#### SOURCE MATERIAL ####
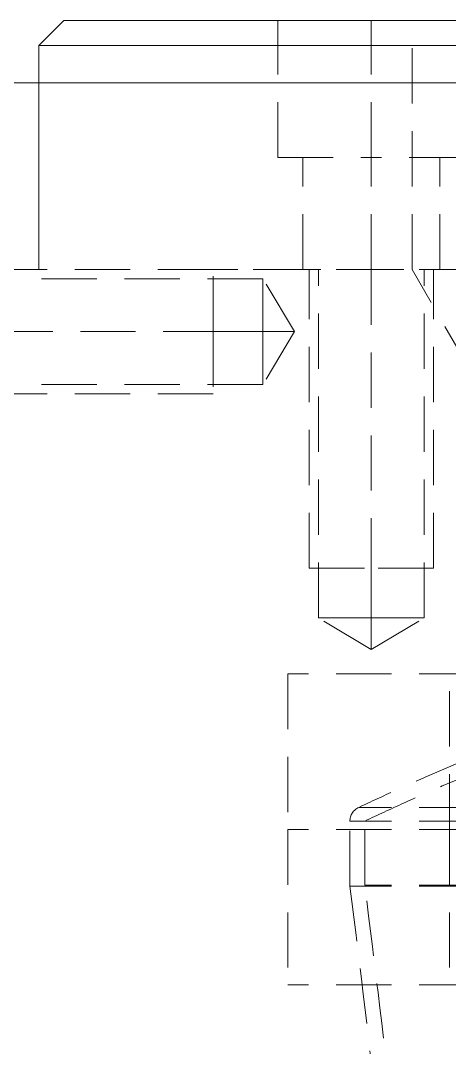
# Model space of a CAD drawing. Header units: millimetres. Extents: x -4200 to 3581, y -7493 to -4075.
# Drawn here: x 280.3 to 314.8, y -4638.8 to -4556.3 of the extents above; entities that cross this region are included whole.
import ezdxf

# ---------------------------------------------------------------- set-up
doc = ezdxf.new("R2010")
doc.units = ezdxf.units.MM
doc.header["$LTSCALE"] = 0.7
doc.linetypes.add('HIDDEN', pattern=[9.525, 6.35, -3.175])
doc.layers.add('txt', color=20, linetype='Continuous')

# ---------------------------------------------------------------- blocks, each defined once
blk = doc.blocks.new('A$C55b2053a')
at = {"color": 3, "linetype": 'HIDDEN', "lineweight": 0, "extrusion": (2.22045e-16, 1, -2.22045e-16)}
for p, q in [((3021.445, 80.961), (3021.445, 104.961)), ((3022.195, 76.961), (3022.195, 104.961)), ((3026.445, 104.961), (3026.445, 80.961)), ((3030.695, 76.961), (3030.695, 104.961)), ((3031.445, 80.961), (3031.445, 104.961)), ((3046.445, 94.961), (3031.445, 94.961)), ((3031.445, 94.961), (3046.445, 94.961)), ((3026.445, 80.961), (3021.445, 80.961)), ((3026.445, 80.961), (3031.445, 80.961)), ((3026.445, 76.961), (3026.445, 80.961)), ((3031.445, 39.961), (3031.445, 80.961)), ((3031.445, -1.039), (3031.445, 80.961)), ((3026.445, 76.961), (3022.195, 76.961)), ((3026.445, 74.407), (3022.195, 76.961)), ((3026.445, 76.961), (3030.695, 76.961)), ((3026.445, 74.407), (3026.445, 76.961)), ((3026.445, 74.407), (3030.695, 76.961)), ((3040.445, 75.745), (3040.445, 68.245)), ((3040.445, 75.745), (3051.445, 75.745)), ((2986.445, 74.961), (2973.945, 74.961)), ((2973.945, 39.961), (2973.945, 74.961)), ((2986.445, 39.961), (2986.445, 74.961)), ((2998.945, 74.961), (2986.445, 74.961)), ((2998.945, 39.961), (2998.945, 74.961)), ((3031.445, 73.745), (3040.445, 73.745)), ((3007.445, 73.245), (3007.445, 68.245)), ((3007.445, 73.245), (3031.445, 73.245)), ((3000.891, 68.245), (3003.445, 72.495)), ((3003.445, 72.495), (3003.445, 68.245)), ((3003.445, 72.495), (3031.445, 72.495)), ((2981.881, 39.961), (2981.881, 69.961)), ((2981.881, 69.961), (2987.091, 69.961)), ((2981.881, 39.961), (2981.881, 69.961)), ((2981.881, 69.961), (2987.091, 69.961)), ((2987.091, 39.961), (2987.091, 69.961)), ((2987.091, 39.961), (2987.091, 69.961)), ((2981.955, 39.961), (2981.955, 68.761)), ((2981.955, 68.761), (2987.116, 68.761)), ((2987.116, 39.961), (2987.116, 68.761)), ((2988.214, 39.961), (2988.214, 69.245)), ((2988.214, 39.961), (2988.214, 69.245)), ((3000.891, 68.245), (3003.445, 68.245)), ((3000.891, 68.245), (3003.445, 63.995)), ((3003.445, 63.995), (3003.445, 68.245)), ((3003.445, 68.245), (3007.445, 68.245)), ((3007.445, 63.245), (3007.445, 68.245)), ((3031.445, 68.245), (3007.445, 68.245)), ((3031.445, 68.245), (3040.445, 68.245)), ((3040.445, 60.745), (3040.445, 68.245)), ((3040.445, 68.245), (3051.445, 68.245)), ((3011.445, 53.461), (3031.445, 64.961)), ((3031.445, 64.961), (3051.445, 64.961)), ((3003.445, 63.995), (3031.445, 63.995)), ((3007.445, 63.245), (3031.445, 63.245)), ((3031.445, 62.745), (3040.445, 62.745)), ((2986.445, 61.961), (2974.648, 61.961)), ((2986.445, 61.961), (2998.242, 61.961))]:
    blk.add_line(p, q, dxfattribs=at)
at = {"color": 6, "linetype": 'Continuous', "lineweight": 0, "extrusion": (2.22045e-16, 1, -2.22045e-16)}
for p, q in [((3046.445, 39.961), (3046.445, 104.961)), ((3046.445, 94.961), (3049.445, 94.961)), ((3051.445, 92.961), (3049.445, 94.961)), ((3049.445, -15.039), (3049.445, 94.961)), ((3051.445, -13.039), (3051.445, 92.961))]:
    blk.add_line(p, q, dxfattribs=at)
at = {"color": 3, "linetype": 'HIDDEN', "lineweight": 0, "extrusion": (-4.93038e-32, -2.22045e-16, -1)}
blk.add_arc((-2987.091, 68.722), 1.239, 90, 155.01579, dxfattribs=at)
blk.add_arc((-2987.091, 68.722), 1.239, 90, 155.01579, dxfattribs=at)
at = {"color": 3, "linetype": 'HIDDEN', "lineweight": 0}
for points, knots in [([(2981.881, 69.961), (2975.258, 69.134), (2968.636, 68.307), (2955.391, 66.914), (2948.769, 66.349), (2935.527, 65.744), (2928.906, 65.733), (2915.667, 66.33), (2909.047, 66.902), (2895.81, 68.322), (2889.191, 69.17), (2882.573, 70.021)], [0.0193459, 0.0193459, 0.0193459, 0.0193459, 0.2135418, 0.2135418, 0.4077377, 0.4077377, 0.6019337, 0.6019337, 0.7961296, 0.7961296, 0.9903255, 0.9903255, 0.9903255, 0.9903255]), ([(2981.881, 69.961), (2975.258, 69.134), (2968.636, 68.307), (2955.391, 66.914), (2948.769, 66.349), (2935.527, 65.744), (2928.906, 65.733), (2915.667, 66.33), (2909.047, 66.902), (2895.81, 68.322), (2889.191, 69.17), (2882.573, 70.021)], [0.0193459, 0.0193459, 0.0193459, 0.0193459, 0.2135418, 0.2135418, 0.4077377, 0.4077377, 0.6019337, 0.6019337, 0.7961296, 0.7961296, 0.9903255, 0.9903255, 0.9903255, 0.9903255]), ([(2883.304, 68.717), (2889.86, 67.875), (2896.423, 67.04), (2909.567, 65.649), (2916.147, 65.094), (2929.325, 64.526), (2935.925, 64.553), (2949.103, 65.17), (2955.684, 65.736), (2968.83, 67.122), (2975.397, 67.942), (2981.955, 68.761)], [0.009797, 0.009797, 0.009797, 0.009797, 0.2058784, 0.2058784, 0.4019599, 0.4019599, 0.5980413, 0.5980413, 0.7941228, 0.7941228, 0.9902042, 0.9902042, 0.9902042, 0.9902042]), ([(2987.116, 68.761), (2987.6, 67.724), (2988.08, 66.688), (2989.023, 64.615), (2989.486, 63.578), (2990.378, 61.497), (2990.807, 60.454), (2991.619, 58.359), (2992.003, 57.306), (2992.719, 55.178), (2993.051, 54.103), (2993.367, 53.019)], [0.0096823, 0.0096823, 0.0096823, 0.0096823, 0.2057821, 0.2057821, 0.4018818, 0.4018818, 0.5979816, 0.5979816, 0.7940814, 0.7940814, 0.9901812, 0.9901812, 0.9901812, 0.9901812]), ([(2994.249, 54.262), (2993.938, 55.293), (2993.609, 56.318), (2992.903, 58.351), (2992.526, 59.359), (2991.733, 61.361), (2991.318, 62.355), (2990.463, 64.335), (2990.022, 65.32), (2989.126, 67.285), (2988.671, 68.266), (2988.214, 69.245)], [0.0098118, 0.0098118, 0.0098118, 0.0098118, 0.2058939, 0.2058939, 0.401976, 0.401976, 0.5980581, 0.5980581, 0.7941402, 0.7941402, 0.9902223, 0.9902223, 0.9902223, 0.9902223]), ([(2994.249, 54.262), (2993.938, 55.293), (2993.609, 56.318), (2992.903, 58.351), (2992.526, 59.359), (2991.733, 61.361), (2991.318, 62.355), (2990.463, 64.335), (2990.022, 65.32), (2989.126, 67.285), (2988.671, 68.266), (2988.214, 69.245)], [0.0098118, 0.0098118, 0.0098118, 0.0098118, 0.2058939, 0.2058939, 0.401976, 0.401976, 0.5980581, 0.5980581, 0.7941402, 0.7941402, 0.9902223, 0.9902223, 0.9902223, 0.9902223])]:
    blk.add_open_spline(points, degree=3, knots=knots, dxfattribs=at)

msp = doc.modelspace()

# ---------------------------------------------------------------- block references
at = {"layer": 'txt', "rotation": 90}
msp.add_blockref('A$C55b2053a', (376.73, -7607.701), dxfattribs=at)

doc.saveas('drawing.dxf')
####
■ **EXERCISE BRIEF**:
Take the line holding "(376.73, -7607.701), dxfattribs=at)" and the lines after it through the end of the entries. Retype them exactly and add nothing.

■ **WRITTEN RESPONSE**:
msp.add_blockref('A$C55b2053a', (376.73, -7607.701), dxfattribs=at)

doc.saveas('drawing.dxf')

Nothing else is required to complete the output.